Skupper uses a message queue implementation, forming a large message queue between multiple clusters. Cross-cluster communication packets are sent to this message queue and consumed on the other end. This approach is similar to reverse proxy but implemented with a message queue, making it a very novel idea. Services become message subscription points for consumption, allowing the establishment of a message queue between the server and client as needed, managing and controlling this message path through the message queue concept.
Advantages:
- Excellent CNI compatibility, completely independent of CNI behavior at the application layer for packet connectivity.
- Easy to get started, requiring no complex upfront network planning and no CIDR non-overlap requirements. Provides CLI for temporary testing and quick demonstrations.
- Connects services on demand instead of entire container networks, allowing fine-grained control with lower infrastructure requirements.
Limitations:
- Currently supports only TCP protocol; UDP and lower-level protocols like ICMP have issues.
- IP information is lost as messages are forwarded through the message queue.
- Using a message queue for forwarding might lead to performance issues like latency and throughput loss.

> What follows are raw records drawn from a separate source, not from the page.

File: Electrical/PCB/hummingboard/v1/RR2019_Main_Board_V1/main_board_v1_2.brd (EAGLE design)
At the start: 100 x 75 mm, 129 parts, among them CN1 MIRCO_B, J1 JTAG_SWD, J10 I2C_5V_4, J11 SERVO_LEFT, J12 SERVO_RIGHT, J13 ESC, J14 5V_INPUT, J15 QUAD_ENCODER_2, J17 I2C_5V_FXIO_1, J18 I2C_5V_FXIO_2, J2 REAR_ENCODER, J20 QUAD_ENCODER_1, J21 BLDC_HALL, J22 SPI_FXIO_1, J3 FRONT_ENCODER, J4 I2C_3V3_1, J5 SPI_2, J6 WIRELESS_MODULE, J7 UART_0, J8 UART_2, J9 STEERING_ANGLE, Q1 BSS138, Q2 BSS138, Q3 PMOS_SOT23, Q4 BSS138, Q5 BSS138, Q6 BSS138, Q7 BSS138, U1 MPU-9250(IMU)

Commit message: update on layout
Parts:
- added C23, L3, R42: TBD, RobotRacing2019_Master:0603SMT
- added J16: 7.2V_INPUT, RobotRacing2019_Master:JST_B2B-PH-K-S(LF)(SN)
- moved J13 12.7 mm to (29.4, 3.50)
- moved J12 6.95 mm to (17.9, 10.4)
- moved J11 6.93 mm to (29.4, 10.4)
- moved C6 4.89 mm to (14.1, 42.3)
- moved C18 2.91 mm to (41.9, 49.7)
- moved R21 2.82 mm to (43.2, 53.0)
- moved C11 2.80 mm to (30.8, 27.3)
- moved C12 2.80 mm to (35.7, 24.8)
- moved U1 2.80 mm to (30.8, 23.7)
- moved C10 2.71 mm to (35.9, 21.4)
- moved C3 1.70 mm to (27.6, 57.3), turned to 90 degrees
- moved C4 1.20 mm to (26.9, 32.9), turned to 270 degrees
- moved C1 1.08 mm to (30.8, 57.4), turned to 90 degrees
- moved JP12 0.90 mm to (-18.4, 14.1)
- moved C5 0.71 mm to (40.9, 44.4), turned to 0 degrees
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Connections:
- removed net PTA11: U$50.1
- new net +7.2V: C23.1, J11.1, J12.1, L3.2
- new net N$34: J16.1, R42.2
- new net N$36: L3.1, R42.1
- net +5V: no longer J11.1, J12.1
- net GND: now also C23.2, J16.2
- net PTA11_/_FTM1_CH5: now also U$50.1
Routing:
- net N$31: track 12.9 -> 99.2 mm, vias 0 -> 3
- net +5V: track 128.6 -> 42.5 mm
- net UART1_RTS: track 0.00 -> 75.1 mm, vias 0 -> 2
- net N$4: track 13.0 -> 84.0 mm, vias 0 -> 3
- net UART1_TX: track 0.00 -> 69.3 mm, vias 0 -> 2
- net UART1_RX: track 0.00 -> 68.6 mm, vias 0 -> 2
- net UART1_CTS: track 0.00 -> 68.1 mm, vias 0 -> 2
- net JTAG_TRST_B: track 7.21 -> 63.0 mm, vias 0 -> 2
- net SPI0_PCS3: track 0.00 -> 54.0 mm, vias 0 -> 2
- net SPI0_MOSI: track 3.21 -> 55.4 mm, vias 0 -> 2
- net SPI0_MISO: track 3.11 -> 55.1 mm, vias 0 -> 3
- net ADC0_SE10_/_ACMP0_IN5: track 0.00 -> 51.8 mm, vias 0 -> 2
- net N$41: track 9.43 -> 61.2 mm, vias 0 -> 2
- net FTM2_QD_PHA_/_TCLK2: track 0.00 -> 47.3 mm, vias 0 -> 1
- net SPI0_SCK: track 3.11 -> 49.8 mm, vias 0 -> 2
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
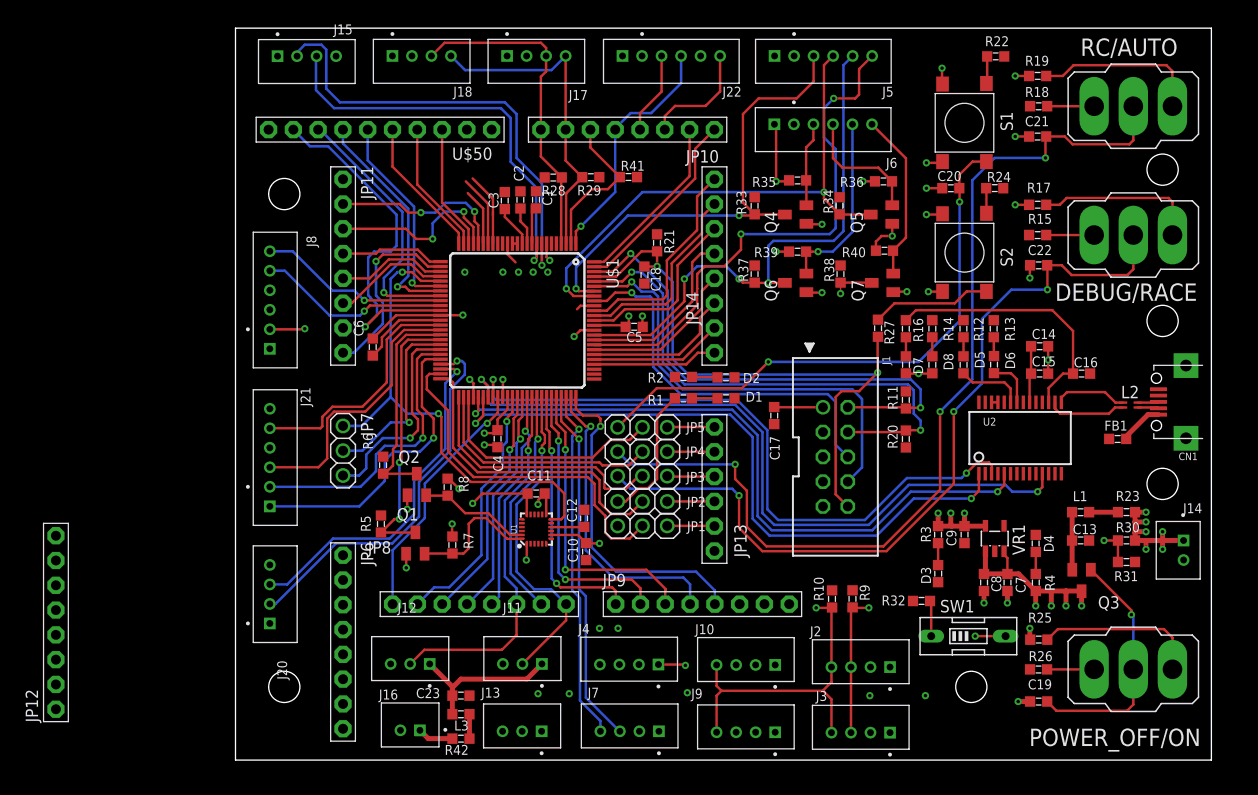
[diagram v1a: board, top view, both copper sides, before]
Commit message: simulation file added
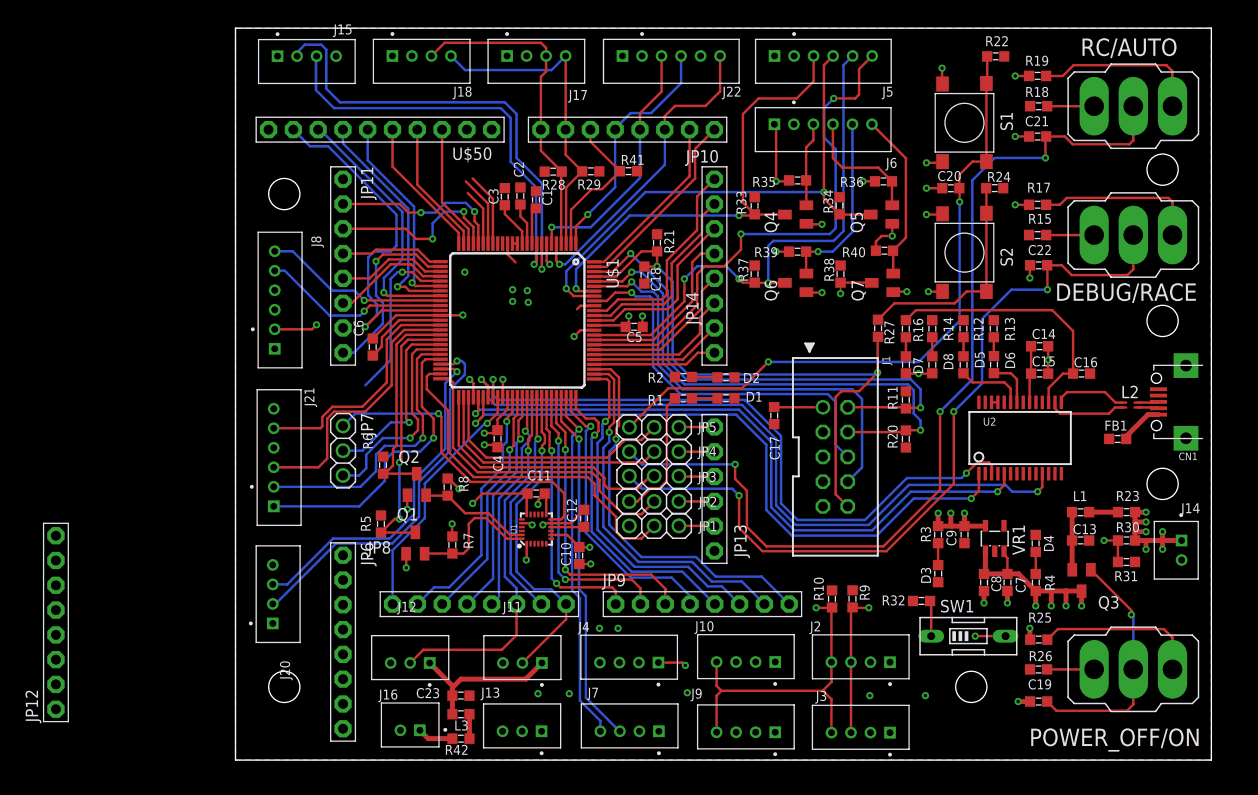
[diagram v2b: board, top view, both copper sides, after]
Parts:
- moved JP1 1.20 mm to (42.9, 24.0)
- moved JP2 1.20 mm to (42.9, 26.5)
- moved JP3 1.20 mm to (42.9, 29.1)
- moved JP4 1.20 mm to (42.9, 31.6)
- moved JP5 1.20 mm to (42.9, 34.1)
- moved C10 0.81 mm to (35.2, 21.0)
- moved R29 0.60 mm to (36.4, 60.3)
- moved R41 0.60 mm to (40.3, 60.3)
- moved R28 0.60 mm to (32.6, 60.3)
- moved J2 0.50 mm to (64.1, 10.6)
- moved J8 0.50 mm to (4.57, 47.1)
- moved J21 0.40 mm to (4.47, 31.0)
- moved C2 0.40 mm to (29.2, 57.8)
- moved C3 0.40 mm to (27.6, 57.7)
- moved J20 0.30 mm to (4.37, 17.0)
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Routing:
- net ADC0_SE1_/_ACMP0_IN1_/_FTM1_CH1: track 0.00 -> 40.2 mm, vias 0 -> 1
- net ADC2_SE11_/_FTM3_CH0: track 0.00 -> 37.6 mm, vias 0 -> 1
- net ADC2_SE10_/_FTM3_CH1: track 0.00 -> 35.1 mm, vias 0 -> 1
- net PWT_IN1_/_FXIO_D5: track 11.7 -> 32.6 mm, vias 0 -> 1
- net FTM2_CH4_/_FXIO_D4_/_TRGMUX_OUT4: track 8.47 -> 26.2 mm, vias 0 -> 1
- net GND: track 54.3 -> 62.3 mm, vias 27 -> 30
- net N$19: track 14.9 -> 22.9 mm
- net N$41: track 61.2 -> 68.0 mm
- net ADC2_SE9_/_FTM3_CH2: track 33.5 -> 31.2 mm
- net ADC2_SE8_/_FTM3_CH3: track 31.2 -> 29.4 mm
- net ADC0_SE10_/_ACMP0_IN5: track 51.8 -> 50.3 mm
- net N$31: track 99.2 -> 98.0 mm
- net ADC0_SE5_/_PTB1: track 24.2 -> 25.4 mm
- net DIGITAL_THREE: track 4.86 -> 3.66 mm
- net DIGITAL_TWO: track 4.84 -> 3.64 mm
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- added copper zone on layer 1, net GND

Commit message: [Journey Begins From Here] + new simulations and PCBs
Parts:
- removed J1: JTAG_SWD, RobotRacing2019_Master:CORTEXM3_SWD10_MOLEX
- removed JP12: POWER_2, adafruit:1X08-BIG
- removed POWER_OFF/ON: (no value), switch:320-916
- added C24: 0.1u, RobotRacing2019_Master:0603SMT
- added IC1: OR_SC70-5, RobotRacing2019_Master:SC70-5
- added J19: JETSON_TRIGGER, RobotRacing2019_Master:JST_B2B-PH-K-S(LF)(SN)
- added OFF/ON: (no value), switch:320-916
- added Q8: BSS138, RobotRacing2019_Master:SOT23
- added R43, R44: 10k, RobotRacing2019_Master:0603SMT
- added U$44: TEAM_LOGO, RobotRacing2019_Master:TEAM_LOGO
- Q3: value PMOS_SOT23 -> DMP2066LSN
- U$12: value TEAM_LOGO -> SWD_1.27MM; device RobotRacing2019_Master:TEAM_LOGO -> RobotRacing2019_Master:SWD_1.27MM
- moved U$12 34.8 mm to (61.3, 33.0), flipped to the top, turned to 270 degrees
- moved SW1 16.4 mm to (61.4, 21.8)
- moved J11 7.10 mm to (29.4, 3.40)
- moved J13 7.00 mm to (29.3, 10.5)
- moved R25 5.10 mm to (82.5, 7.24)
- moved C18 4.83 mm to (43.9, 54.1), turned to 90 degrees
- moved R26 4.70 mm to (82.3, 4.59)
- moved C19 3.70 mm to (82.3, 2.30)
- moved U$38 2.80 mm to (90.7, 0.80)
- moved R21 1.86 mm to (41.7, 54.1)
- moved Q3 1.25 mm to (85.6, 19.0)
- moved C13 1.25 mm to (85.5, 23.1)
- moved L1 1.25 mm to (85.5, 26.0)
- moved J14 0.50 mm to (96.1, 21.9)
- moved R23 0.50 mm to (91.0, 25.8)
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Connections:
- removed net 3V3: JP12.4, JP12.5, JP6.4, JP6.5
- removed net N$16: CN1.4
- removed net VDD: C1.1, C2.1, C3.1, C4.1, C5.1, C6.1, J15.1, J17.1, J18.1, J20.1, J22.1, J5.1, JP12.1, JP12.2, JP12.3, JP6.1, JP6.2, JP6.3, R10.2, R11.2, R15.2, R18.2, R21.2, R22.2, R24.2, R26.2, R28.2, R29.2, R41.2, R9.2, U$1.10, U$1.11, U$1.12, U$1.38, U$1.61, U$1.87
- new net N$35: J19.1, Q8.1
- new net N$38: IC1.2, Q8.3, R44.1
- new net N$39: IC1.4, Q3.1, R43.1
- net +3V3: now also JP6.4, JP6.5
- net +VDD: now also C1.1, C2.1, C24.2, C3.1, C4.1, C5.1, C6.1, IC1.5, J15.1, J17.1, J18.1, J20.1, J22.1, J5.1, JP6.1, JP6.2, JP6.3, R10.2, R11.2, R15.2, R18.2, R21.2, R22.2, R24.2, R26.2, R28.2, R29.2, R41.2, R43.2, R44.2, R9.2, U$1.10, U$1.11, U$1.12, U$1.38, U$1.61, U$1.87, U$12.1; no longer J1.1
- net GND: now also C24.1, IC1.3, Q8.2, U$12.3, U$12.5, U$12.7, U$12.9; no longer J1.3, J1.5, J1.7, J1.9, JP12.6, JP12.7, JP12.8
- net JTAG_TCLK/SWD_CLK: now also U$12.4; no longer J1.4
- net JTAG_TDI: now also U$12.8; no longer J1.8
- net JTAG_TDO/SWO: now also U$12.6; no longer J1.6
- net JTAG_TMS/SWD_DIO: now also U$12.2; no longer J1.2
- net JTAG_TRST_B: now also U$12.10; no longer J1.10
- net N$45: now also OFF/ON.3; no longer POWER_OFF/ON.3
- net N$46: now also OFF/ON.1; no longer POWER_OFF/ON.1
- net POWER_SHUT_DOWN: now also IC1.1, OFF/ON.2; no longer POWER_OFF/ON.2, Q3.1
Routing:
- net I2C0_SCL: track 16.9 -> 106.1 mm, vias 1 -> 3
- net I2C0_SDA: track 33.2 -> 98.1 mm, vias 1 -> 3
- net GND: track 62.3 -> 115.5 mm, vias 30 -> 38
- net SPI0_PCS0: track 6.32 -> 48.9 mm, vias 2 -> 3
- net ADC0_SE1_/_ACMP0_IN1_/_FTM1_CH1: track 40.2 -> 79.2 mm, vias 1 -> 3
- net VDD: track 32.2 -> 0.00 mm, vias 2 -> 0
- net +VDD: track 26.8 -> 56.7 mm, vias 4 -> 8
- net N$22: track 3.65 -> 31.6 mm, vias 0 -> 1
- net PTA11_/_FTM1_CH5: track 1.90 -> 26.9 mm, vias 0 -> 2
- net ACMP2_IN3_/_FTM0_FLT1: track 0.00 -> 21.7 mm
- net PTE13_/_FTM2_FLT0: track 2.26 -> 23.0 mm
- net N$6: track 0.00 -> 18.6 mm, vias 0 -> 1
- net N$38: track 0.00 -> 16.2 mm
- net UART2_RX: track 5.83 -> 22.0 mm, vias 0 -> 1
- net UART2_TX: track 7.32 -> 23.3 mm, vias 0 -> 1
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- added copper zone on layer 1, net +VDD
- removed copper zone on layer 15, net +3V3
- removed copper zone on layer 1, net GND

- Given TCP’s stateful nature, converting it entirely to a message queue form and ensuring compatibility is questionable.
5. KubeSlice
KubeSlice is a project that recently entered the CNCF Sandbox. Solutions based on tunnels cannot achieve fine-grained control and full CNI compatibility, while those based on the application layer cannot fully support network protocols. KubeSlice offers a new approach, attempting to solve both issues simultaneously.
Basic Principle:
KubeSlice’s basic idea is simple and straightforward: dynamically insert a network card into a pod as needed, creating an overlay network for cross-cluster communication on this card. This overlay network then implements service discovery and network policies. Users can dynamically create and join networks across namespaces or pods, achieving flexible fine-grained control. Since it operates on a second network card, it is highly compatible with network protocols.
Advantages:
- High CNI compatibility, as it involves adding an extra network card, regardless of the original CNI and avoiding original network address conflicts.
- High protocol compatibility, as it uses an additional network card for traffic forwarding, compatible with all network protocols.
- High flexibility, providing CLI tools for dynamically creating and joining networks, allowing users to create multiple cross-cluster virtual networks as needed.
- Comprehensive functionality, implementing service discovery, DNS, QoS, NetworkPolicy, and monitoring on the additional overlay network.
Limitations:
- Applications need to be aware of the additional network card and choose the appropriate network, potentially requiring application modifications.
- Since cross-cluster traffic uses a different network card, not the pod’s primary IP, external systems like monitoring and tracing might require adjustments.
- Documentation appears to be an internal project made open source, with many usage methods and API descriptions not well explained, requiring users to guess parameter meanings from references. Despite seeming comprehensive, the documentation needs significant improvement for external users to use it effectively.
Summary
In a multi-cluster Kubernetes environment, there are multiple solutions for efficient communication. Each solution has its advantages and limitations, allowing users to choose the most suitable one based on specific needs and environments.
This post was originally written in Chinese and I translated it to English with the help of GPT4. If you find any errors, please feel free to let me know.